> _ASSIGNED TASK_
Write out exactly the line containing "Product1/1 -> Integrator/1" and all lines that come after it in the listing below, through the very last one.
++++++++++++++++++++
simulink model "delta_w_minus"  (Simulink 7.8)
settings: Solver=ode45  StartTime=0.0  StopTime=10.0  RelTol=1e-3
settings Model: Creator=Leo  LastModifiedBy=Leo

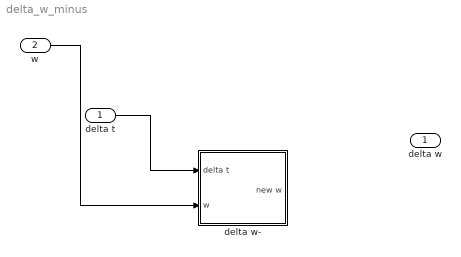
== system delta_w_minus ==
  delta t : Inport
  w : Inport  Port=2
  delta w- : Subsystem
  delta w : Outport
  wires:
  delta t/1 -> delta w-/1(delta t)
  w/1 -> delta w-/2(w)
  ? -> delta w/1

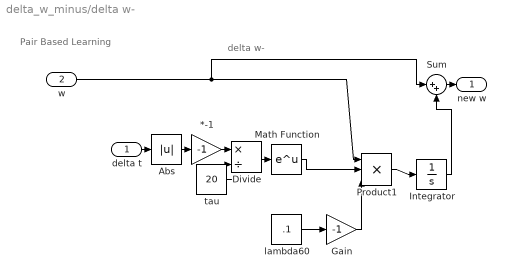
== system delta_w_minus/delta w- ==
  note: Pair Based Learning
  note: delta w-
  delta t : Inport
  w : Inport  Port=2
  *-1 : Gain  Gain=-1
  Abs : Abs
  Divide : Product  Inputs=*/
  Gain : Gain  Gain=-1
  Integrator : Integrator
  Math Function : Math  SaturateOnIntegerOverflow=on
  Product1 : Product  Inputs=***
  Sum : Sum  Inputs=|++
  lambda60 : Constant  Value=.1
  tau : Constant  Value=20
  new w : Outport
  wires:
  delta t/1 -> Abs/1
  Abs/1 -> *-1/1
  *-1/1 -> Divide/1
  tau/1 -> Divide/2
  Divide/1 -> Math Function/1
  w/1 -> Product1/1, Sum/1
  lambda60/1 -> Gain/1
  Math Function/1 -> Product1/2
  Gain/1 -> Product1/3
  Product1/1 -> Integrator/1
  Integrator/1 -> Sum/2
  Sum/1 -> new w/1
++++++++++++++++++++
> _ANSWER TO THE PROBLEM_
  Product1/1 -> Integrator/1
  Integrator/1 -> Sum/2
  Sum/1 -> new w/1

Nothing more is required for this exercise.